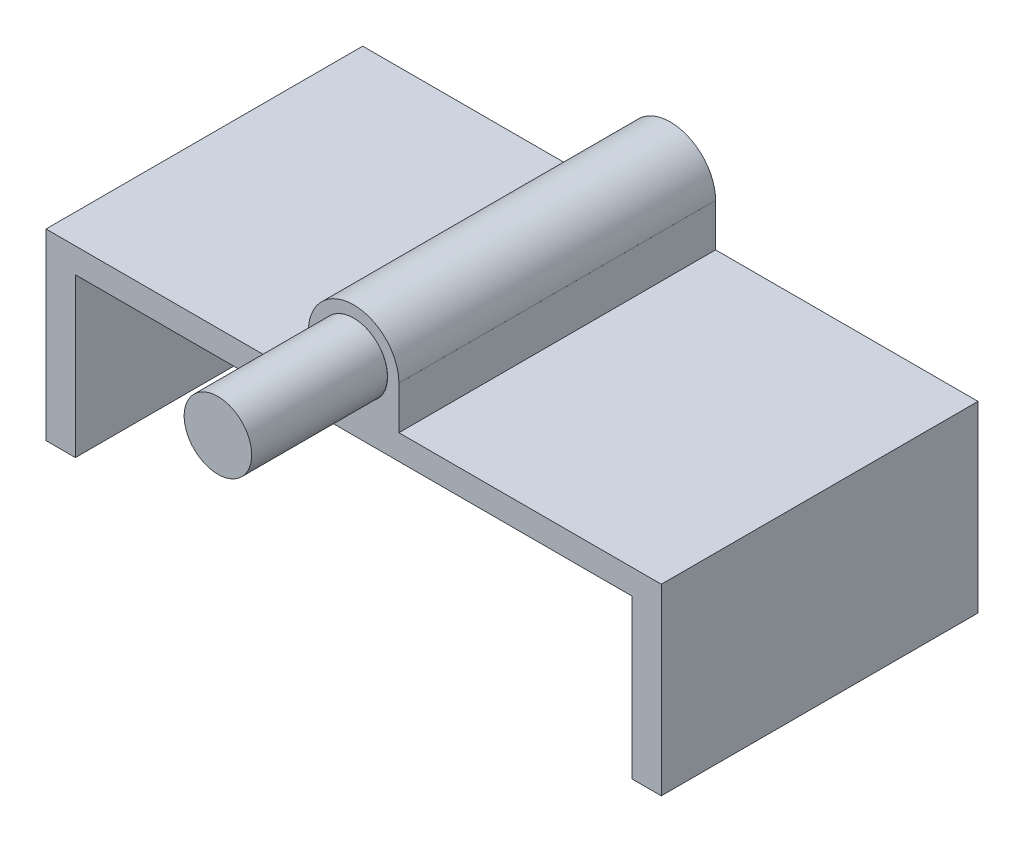
ISO-10303-21;
HEADER;
FILE_DESCRIPTION(('STEP AP214'),'2;1');
FILE_NAME('part.step','',(''),(''),'','','');
FILE_SCHEMA(('AUTOMOTIVE_DESIGN { 1 0 10303 214 1 1 1 1 }'));
ENDSEC;
DATA;
#1=APPLICATION_CONTEXT('core data for automotive mechanical design processes');
#2=APPLICATION_PROTOCOL_DEFINITION('international standard','automotive_design',2000,#1);
#3=PRODUCT_CONTEXT('',#1,'mechanical');
#4=PRODUCT('Part','Part','',(#3));
#5=PRODUCT_RELATED_PRODUCT_CATEGORY('part','',(#4));
#6=PRODUCT_DEFINITION_FORMATION('','',#4);
#7=PRODUCT_DEFINITION_CONTEXT('part definition',#1,'design');
#8=PRODUCT_DEFINITION('design','',#6,#7);
#9=PRODUCT_DEFINITION_SHAPE('','',#8);
#10=(LENGTH_UNIT() NAMED_UNIT(*) SI_UNIT(.MILLI.,.METRE.));
#11=(NAMED_UNIT(*) PLANE_ANGLE_UNIT() SI_UNIT($,.RADIAN.));
#12=(NAMED_UNIT(*) SI_UNIT($,.STERADIAN.) SOLID_ANGLE_UNIT());
#13=UNCERTAINTY_MEASURE_WITH_UNIT(LENGTH_MEASURE(1.E-05),#10,'distance_accuracy_value','');
#14=(GEOMETRIC_REPRESENTATION_CONTEXT(3) GLOBAL_UNCERTAINTY_ASSIGNED_CONTEXT((#13)) GLOBAL_UNIT_ASSIGNED_CONTEXT((#10,
#11,#12)) REPRESENTATION_CONTEXT('',''));
#15=CARTESIAN_POINT('',(0.,0.,0.));
#16=DIRECTION('',(0.,0.,1.));
#17=DIRECTION('',(1.,0.,0.));
#18=AXIS2_PLACEMENT_3D('',#15,#16,#17);
#19=CARTESIAN_POINT('',(7.00000000000001,5.,10.0000000000019));
#20=DIRECTION('',(0.,0.,-1.));
#21=DIRECTION('',(-1.,0.,0.));
#22=AXIS2_PLACEMENT_3D('',#19,#20,#21);
#23=CYLINDRICAL_SURFACE('',#22,0.746179914416804);
#24=CARTESIAN_POINT('',(7.00000000000001,5.,10.0000000000019));
#25=DIRECTION('',(0.,0.,1.));
#26=DIRECTION('',(1.,0.,0.));
#27=AXIS2_PLACEMENT_3D('',#24,#25,#26);
#28=CIRCLE('',#27,0.746179914416804);
#29=CARTESIAN_POINT('',(7.74617991441681,5.,10.0000000000019));
#30=VERTEX_POINT('',#29);
#31=EDGE_CURVE('E11',#30,#30,#28,.T.);
#32=ORIENTED_EDGE('',*,*,#31,.F.);
#33=EDGE_LOOP('',(#32));
#34=FACE_BOUND('',#33,.T.);
#35=CARTESIAN_POINT('',(7.00000000000001,5.,7.00000000000189));
#36=DIRECTION('',(0.,0.,1.));
#37=DIRECTION('',(1.,0.,0.));
#38=AXIS2_PLACEMENT_3D('',#35,#36,#37);
#39=CIRCLE('',#38,0.746179914416804);
#40=CARTESIAN_POINT('',(7.74617991441681,5.,7.00000000000189));
#41=VERTEX_POINT('',#40);
#42=EDGE_CURVE('E56',#41,#41,#39,.T.);
#43=ORIENTED_EDGE('',*,*,#42,.T.);
#44=EDGE_LOOP('',(#43));
#45=FACE_BOUND('',#44,.T.);
#46=ADVANCED_FACE('F53',(#34,#45),#23,.T.);
#47=CARTESIAN_POINT('',(7.00000000000001,5.,10.0000000000019));
#48=DIRECTION('',(0.,0.,1.));
#49=DIRECTION('',(1.,0.,0.));
#50=AXIS2_PLACEMENT_3D('',#47,#48,#49);
#51=PLANE('',#50);
#52=ORIENTED_EDGE('',*,*,#31,.T.);
#53=EDGE_LOOP('',(#52));
#54=FACE_BOUND('',#53,.T.);
#55=ADVANCED_FACE('F68',(#54),#51,.T.);
#56=CARTESIAN_POINT('',(7.00000000000001,5.,7.00000000000189));
#57=DIRECTION('',(0.,0.,1.));
#58=DIRECTION('',(1.,0.,0.));
#59=AXIS2_PLACEMENT_3D('',#56,#57,#58);
#60=PLANE('',#59);
#61=ORIENTED_EDGE('',*,*,#42,.F.);
#62=EDGE_LOOP('',(#61));
#63=FACE_BOUND('',#62,.T.);
#64=ADVANCED_FACE('F66',(#63),#60,.F.);
#65=CLOSED_SHELL('',(#46,#55,#64));
#66=MANIFOLD_SOLID_BREP('B2',#65);
#67=CARTESIAN_POINT('',(0.,0.,7.00000000000189));
#68=DIRECTION('',(0.,1.,0.));
#69=DIRECTION('',(0.,0.,1.));
#70=AXIS2_PLACEMENT_3D('',#67,#68,#69);
#71=PLANE('',#70);
#72=DIRECTION('',(0.,0.,1.));
#73=VECTOR('',#72,1.);
#74=CARTESIAN_POINT('',(13.15,0.,0.));
#75=LINE('',#74,#73);
#76=CARTESIAN_POINT('',(13.15,0.,0.));
#77=VERTEX_POINT('',#76);
#78=CARTESIAN_POINT('',(13.15,0.,7.00000000000189));
#79=VERTEX_POINT('',#78);
#80=EDGE_CURVE('E200',#77,#79,#75,.T.);
#81=ORIENTED_EDGE('',*,*,#80,.F.);
#82=DIRECTION('',(1.,0.,0.));
#83=VECTOR('',#82,1.);
#84=CARTESIAN_POINT('',(0.,0.,0.));
#85=LINE('',#84,#83);
#86=CARTESIAN_POINT('',(13.8,0.,0.));
#87=VERTEX_POINT('',#86);
#88=EDGE_CURVE('E210',#77,#87,#85,.T.);
#89=ORIENTED_EDGE('',*,*,#88,.T.);
#90=DIRECTION('',(0.,0.,-1.));
#91=VECTOR('',#90,1.);
#92=CARTESIAN_POINT('',(13.8,0.,7.00000000000001));
#93=LINE('',#92,#91);
#94=CARTESIAN_POINT('',(13.8,0.,7.00000000000001));
#95=VERTEX_POINT('',#94);
#96=EDGE_CURVE('E254',#95,#87,#93,.T.);
#97=ORIENTED_EDGE('',*,*,#96,.F.);
#98=DIRECTION('',(1.,0.,0.));
#99=VECTOR('',#98,1.);
#100=CARTESIAN_POINT('',(0.,0.,7.00000000000189));
#101=LINE('',#100,#99);
#102=EDGE_CURVE('E212',#79,#95,#101,.T.);
#103=ORIENTED_EDGE('',*,*,#102,.F.);
#104=EDGE_LOOP('',(#81,#89,#97,#103));
#105=FACE_BOUND('',#104,.T.);
#106=ADVANCED_FACE('F94',(#105),#71,.F.);
#107=CARTESIAN_POINT('',(0.,0.,7.00000000000189));
#108=DIRECTION('',(0.,0.,-1.));
#109=DIRECTION('',(-1.,0.,0.));
#110=AXIS2_PLACEMENT_3D('',#107,#108,#109);
#111=PLANE('',#110);
#112=CARTESIAN_POINT('',(7.00000000000001,4.99617991441681,7.00000000000189));
#113=DIRECTION('',(0.,0.,1.));
#114=DIRECTION('',(1.,0.,0.));
#115=AXIS2_PLACEMENT_3D('',#112,#113,#114);
#116=CIRCLE('',#115,0.749999999999999);
#117=CARTESIAN_POINT('',(7.00000000000001,5.74617991441681,7.00000000000189));
#118=VERTEX_POINT('',#117);
#119=EDGE_CURVE('E107',#118,#118,#116,.T.);
#120=ORIENTED_EDGE('',*,*,#119,.F.);
#121=EDGE_LOOP('',(#120));
#122=FACE_BOUND('',#121,.T.);
#123=DIRECTION('',(-1.,0.,0.));
#124=VECTOR('',#123,1.);
#125=CARTESIAN_POINT('',(1.,3.5,7.00000000000189));
#126=LINE('',#125,#124);
#127=CARTESIAN_POINT('',(13.15,3.5,7.00000000000189));
#128=VERTEX_POINT('',#127);
#129=CARTESIAN_POINT('',(0.850000000000001,3.5,7.00000000000189));
#130=VERTEX_POINT('',#129);
#131=EDGE_CURVE('E230',#128,#130,#126,.T.);
#132=ORIENTED_EDGE('',*,*,#131,.F.);
#133=DIRECTION('',(0.,1.,0.));
#134=VECTOR('',#133,1.);
#135=CARTESIAN_POINT('',(13.15,3.5,7.00000000000189));
#136=LINE('',#135,#134);
#137=EDGE_CURVE('E213',#79,#128,#136,.T.);
#138=ORIENTED_EDGE('',*,*,#137,.F.);
#139=ORIENTED_EDGE('',*,*,#102,.T.);
#140=DIRECTION('',(0.,-1.,0.));
#141=VECTOR('',#140,1.);
#142=CARTESIAN_POINT('',(13.8,4.05146590855115,7.00000000000001));
#143=LINE('',#142,#141);
#144=CARTESIAN_POINT('',(13.8,4.05146590855115,7.00000000000001));
#145=VERTEX_POINT('',#144);
#146=EDGE_CURVE('E253',#145,#95,#143,.T.);
#147=ORIENTED_EDGE('',*,*,#146,.F.);
#148=DIRECTION('',(1.,0.,0.));
#149=VECTOR('',#148,1.);
#150=CARTESIAN_POINT('',(0.,4.05146590855115,7.00000000000001));
#151=LINE('',#150,#149);
#152=CARTESIAN_POINT('',(8.00000000000001,4.05146590855115,7.00000000000001));
#153=VERTEX_POINT('',#152);
#154=EDGE_CURVE('E332',#153,#145,#151,.T.);
#155=ORIENTED_EDGE('',*,*,#154,.F.);
#156=DIRECTION('',(0.,1.,0.));
#157=VECTOR('',#156,1.);
#158=CARTESIAN_POINT('',(8.00000000000001,4.05146590855115,7.00000000000001));
#159=LINE('',#158,#157);
#160=CARTESIAN_POINT('',(8.00000000000001,5.,7.00000000000001));
#161=VERTEX_POINT('',#160);
#162=EDGE_CURVE('E300',#153,#161,#159,.T.);
#163=ORIENTED_EDGE('',*,*,#162,.T.);
#164=DIRECTION('',(-1.,0.,0.));
#165=VECTOR('',#164,1.);
#166=CARTESIAN_POINT('',(6.00000000000001,5.,7.00000000000001));
#167=LINE('',#166,#165);
#168=CARTESIAN_POINT('',(7.99967631657733,5.,7.00000000000001));
#169=VERTEX_POINT('',#168);
#170=EDGE_CURVE('E295',#161,#169,#167,.T.);
#171=ORIENTED_EDGE('',*,*,#170,.T.);
#172=CARTESIAN_POINT('',(7.00000000000001,5.,7.00000000000001));
#173=DIRECTION('',(0.,0.,1.));
#174=DIRECTION('',(1.,0.,0.));
#175=AXIS2_PLACEMENT_3D('',#172,#173,#174);
#176=CIRCLE('',#175,0.999676316577325);
#177=CARTESIAN_POINT('',(6.00032368342268,5.,7.00000000000001));
#178=VERTEX_POINT('',#177);
#179=EDGE_CURVE('E287',#169,#178,#176,.T.);
#180=ORIENTED_EDGE('',*,*,#179,.T.);
#181=CARTESIAN_POINT('',(6.00000000000001,5.,7.00000000000001));
#182=VERTEX_POINT('',#181);
#183=EDGE_CURVE('E114',#178,#182,#167,.T.);
#184=ORIENTED_EDGE('',*,*,#183,.T.);
#185=DIRECTION('',(0.,-1.,0.));
#186=VECTOR('',#185,1.);
#187=CARTESIAN_POINT('',(6.00000000000001,4.05146590855115,7.00000000000001));
#188=LINE('',#187,#186);
#189=CARTESIAN_POINT('',(6.00000000000001,4.05146590855115,7.00000000000001));
#190=VERTEX_POINT('',#189);
#191=EDGE_CURVE('E294',#182,#190,#188,.T.);
#192=ORIENTED_EDGE('',*,*,#191,.T.);
#193=CARTESIAN_POINT('',(0.2,4.05146590855115,7.00000000000189));
#194=VERTEX_POINT('',#193);
#195=EDGE_CURVE('E333',#194,#190,#151,.T.);
#196=ORIENTED_EDGE('',*,*,#195,.F.);
#197=DIRECTION('',(0.,1.,0.));
#198=VECTOR('',#197,1.);
#199=CARTESIAN_POINT('',(0.2,4.05146590855115,7.00000000000189));
#200=LINE('',#199,#198);
#201=CARTESIAN_POINT('',(0.2,0.,7.00000000000189));
#202=VERTEX_POINT('',#201);
#203=EDGE_CURVE('E275',#202,#194,#200,.T.);
#204=ORIENTED_EDGE('',*,*,#203,.F.);
#205=CARTESIAN_POINT('',(0.850000000000001,0.,7.00000000000189));
#206=VERTEX_POINT('',#205);
#207=EDGE_CURVE('E233',#202,#206,#101,.T.);
#208=ORIENTED_EDGE('',*,*,#207,.T.);
#209=DIRECTION('',(0.,-1.,0.));
#210=VECTOR('',#209,1.);
#211=CARTESIAN_POINT('',(0.850000000000001,3.5,7.00000000000189));
#212=LINE('',#211,#210);
#213=EDGE_CURVE('E263',#130,#206,#212,.T.);
#214=ORIENTED_EDGE('',*,*,#213,.F.);
#215=EDGE_LOOP('',(#132,#138,#139,#147,#155,#163,#171,#180,#184,#192,#196,#204,#208,#214));
#216=FACE_BOUND('',#215,.T.);
#217=ADVANCED_FACE('F250',(#122,#216),#111,.F.);
#218=CARTESIAN_POINT('',(0.,0.,0.));
#219=DIRECTION('',(0.,0.,-1.));
#220=DIRECTION('',(-1.,0.,0.));
#221=AXIS2_PLACEMENT_3D('',#218,#219,#220);
#222=PLANE('',#221);
#223=DIRECTION('',(0.,-1.,0.));
#224=VECTOR('',#223,1.);
#225=CARTESIAN_POINT('',(13.15,3.5,0.));
#226=LINE('',#225,#224);
#227=CARTESIAN_POINT('',(13.15,3.5,0.));
#228=VERTEX_POINT('',#227);
#229=EDGE_CURVE('E196',#228,#77,#226,.T.);
#230=ORIENTED_EDGE('',*,*,#229,.F.);
#231=DIRECTION('',(-1.,0.,0.));
#232=VECTOR('',#231,1.);
#233=CARTESIAN_POINT('',(1.,3.5,0.));
#234=LINE('',#233,#232);
#235=CARTESIAN_POINT('',(0.850000000000001,3.5,0.));
#236=VERTEX_POINT('',#235);
#237=EDGE_CURVE('E222',#228,#236,#234,.T.);
#238=ORIENTED_EDGE('',*,*,#237,.T.);
#239=DIRECTION('',(0.,1.,0.));
#240=VECTOR('',#239,1.);
#241=CARTESIAN_POINT('',(0.850000000000001,3.5,0.));
#242=LINE('',#241,#240);
#243=CARTESIAN_POINT('',(0.850000000000001,0.,0.));
#244=VERTEX_POINT('',#243);
#245=EDGE_CURVE('E351',#244,#236,#242,.T.);
#246=ORIENTED_EDGE('',*,*,#245,.F.);
#247=CARTESIAN_POINT('',(0.2,0.,0.));
#248=VERTEX_POINT('',#247);
#249=EDGE_CURVE('E221',#248,#244,#85,.T.);
#250=ORIENTED_EDGE('',*,*,#249,.F.);
#251=DIRECTION('',(0.,-1.,0.));
#252=VECTOR('',#251,1.);
#253=CARTESIAN_POINT('',(0.2,4.05146590855115,0.));
#254=LINE('',#253,#252);
#255=CARTESIAN_POINT('',(0.2,4.05146590855115,0.));
#256=VERTEX_POINT('',#255);
#257=EDGE_CURVE('E269',#256,#248,#254,.T.);
#258=ORIENTED_EDGE('',*,*,#257,.F.);
#259=DIRECTION('',(1.,0.,0.));
#260=VECTOR('',#259,1.);
#261=CARTESIAN_POINT('',(0.,4.05146590855115,0.));
#262=LINE('',#261,#260);
#263=CARTESIAN_POINT('',(6.00000000000001,4.05146590855115,0.));
#264=VERTEX_POINT('',#263);
#265=EDGE_CURVE('E336',#256,#264,#262,.T.);
#266=ORIENTED_EDGE('',*,*,#265,.T.);
#267=DIRECTION('',(0.,-1.,0.));
#268=VECTOR('',#267,1.);
#269=CARTESIAN_POINT('',(6.00000000000001,4.05146590855115,0.));
#270=LINE('',#269,#268);
#271=CARTESIAN_POINT('',(6.00000000000001,5.,1.88737914186277E-12));
#272=VERTEX_POINT('',#271);
#273=EDGE_CURVE('E307',#272,#264,#270,.T.);
#274=ORIENTED_EDGE('',*,*,#273,.F.);
#275=DIRECTION('',(-1.,0.,0.));
#276=VECTOR('',#275,1.);
#277=CARTESIAN_POINT('',(6.00000000000001,5.,1.88737914186277E-12));
#278=LINE('',#277,#276);
#279=CARTESIAN_POINT('',(6.00032368342268,5.,1.88737914186277E-12));
#280=VERTEX_POINT('',#279);
#281=EDGE_CURVE('E316',#280,#272,#278,.T.);
#282=ORIENTED_EDGE('',*,*,#281,.F.);
#283=CARTESIAN_POINT('',(7.00000000000001,5.,1.88737914186277E-12));
#284=DIRECTION('',(0.,0.,-1.));
#285=DIRECTION('',(-1.,0.,0.));
#286=AXIS2_PLACEMENT_3D('',#283,#284,#285);
#287=CIRCLE('',#286,0.999676316577325);
#288=CARTESIAN_POINT('',(7.99967631657733,5.,1.88737914186277E-12));
#289=VERTEX_POINT('',#288);
#290=EDGE_CURVE('E291',#289,#280,#287,.F.);
#291=ORIENTED_EDGE('',*,*,#290,.F.);
#292=CARTESIAN_POINT('',(8.00000000000001,5.,1.88737914186277E-12));
#293=VERTEX_POINT('',#292);
#294=EDGE_CURVE('E313',#293,#289,#278,.T.);
#295=ORIENTED_EDGE('',*,*,#294,.F.);
#296=DIRECTION('',(0.,1.,0.));
#297=VECTOR('',#296,1.);
#298=CARTESIAN_POINT('',(8.00000000000001,4.05146590855115,0.));
#299=LINE('',#298,#297);
#300=CARTESIAN_POINT('',(8.00000000000001,4.05146590855115,0.));
#301=VERTEX_POINT('',#300);
#302=EDGE_CURVE('E317',#301,#293,#299,.T.);
#303=ORIENTED_EDGE('',*,*,#302,.F.);
#304=CARTESIAN_POINT('',(13.8,4.05146590855115,0.));
#305=VERTEX_POINT('',#304);
#306=EDGE_CURVE('E335',#301,#305,#262,.T.);
#307=ORIENTED_EDGE('',*,*,#306,.T.);
#308=DIRECTION('',(0.,1.,0.));
#309=VECTOR('',#308,1.);
#310=CARTESIAN_POINT('',(13.8,4.05146590855115,0.));
#311=LINE('',#310,#309);
#312=EDGE_CURVE('E219',#87,#305,#311,.T.);
#313=ORIENTED_EDGE('',*,*,#312,.F.);
#314=ORIENTED_EDGE('',*,*,#88,.F.);
#315=EDGE_LOOP('',(#230,#238,#246,#250,#258,#266,#274,#282,#291,#295,#303,#307,#313,#314));
#316=FACE_BOUND('',#315,.T.);
#317=CARTESIAN_POINT('',(7.00000000000001,4.99617991441678,0.));
#318=DIRECTION('',(0.,0.,-1.));
#319=DIRECTION('',(-1.,0.,0.));
#320=AXIS2_PLACEMENT_3D('',#317,#318,#319);
#321=CIRCLE('',#320,0.749999999999999);
#322=CARTESIAN_POINT('',(6.25000000000001,4.99617991441678,0.));
#323=VERTEX_POINT('',#322);
#324=EDGE_CURVE('E283',#323,#323,#321,.F.);
#325=ORIENTED_EDGE('',*,*,#324,.T.);
#326=EDGE_LOOP('',(#325));
#327=FACE_BOUND('',#326,.T.);
#328=ADVANCED_FACE('F216',(#316,#327),#222,.T.);
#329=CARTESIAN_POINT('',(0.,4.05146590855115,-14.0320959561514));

- - - - -

▸ Your task: Only the lines above starting at the line that holds "#213=EDGE_CURVE('E263',#130,#206,#212,.T.);" and ending at the line that holds "#239=DIRECTION('',(0.,1.,0.));" are to be repeated, exactly and in full.

▸ The answer:
#213=EDGE_CURVE('E263',#130,#206,#212,.T.);
#214=ORIENTED_EDGE('',*,*,#213,.F.);
#215=EDGE_LOOP('',(#132,#138,#139,#147,#155,#163,#171,#180,#184,#192,#196,#204,#208,#214));
#216=FACE_BOUND('',#215,.T.);
#217=ADVANCED_FACE('F250',(#122,#216),#111,.F.);
#218=CARTESIAN_POINT('',(0.,0.,0.));
#219=DIRECTION('',(0.,0.,-1.));
#220=DIRECTION('',(-1.,0.,0.));
#221=AXIS2_PLACEMENT_3D('',#218,#219,#220);
#222=PLANE('',#221);
#223=DIRECTION('',(0.,-1.,0.));
#224=VECTOR('',#223,1.);
#225=CARTESIAN_POINT('',(13.15,3.5,0.));
#226=LINE('',#225,#224);
#227=CARTESIAN_POINT('',(13.15,3.5,0.));
#228=VERTEX_POINT('',#227);
#229=EDGE_CURVE('E196',#228,#77,#226,.T.);
#230=ORIENTED_EDGE('',*,*,#229,.F.);
#231=DIRECTION('',(-1.,0.,0.));
#232=VECTOR('',#231,1.);
#233=CARTESIAN_POINT('',(1.,3.5,0.));
#234=LINE('',#233,#232);
#235=CARTESIAN_POINT('',(0.850000000000001,3.5,0.));
#236=VERTEX_POINT('',#235);
#237=EDGE_CURVE('E222',#228,#236,#234,.T.);
#238=ORIENTED_EDGE('',*,*,#237,.T.);
#239=DIRECTION('',(0.,1.,0.));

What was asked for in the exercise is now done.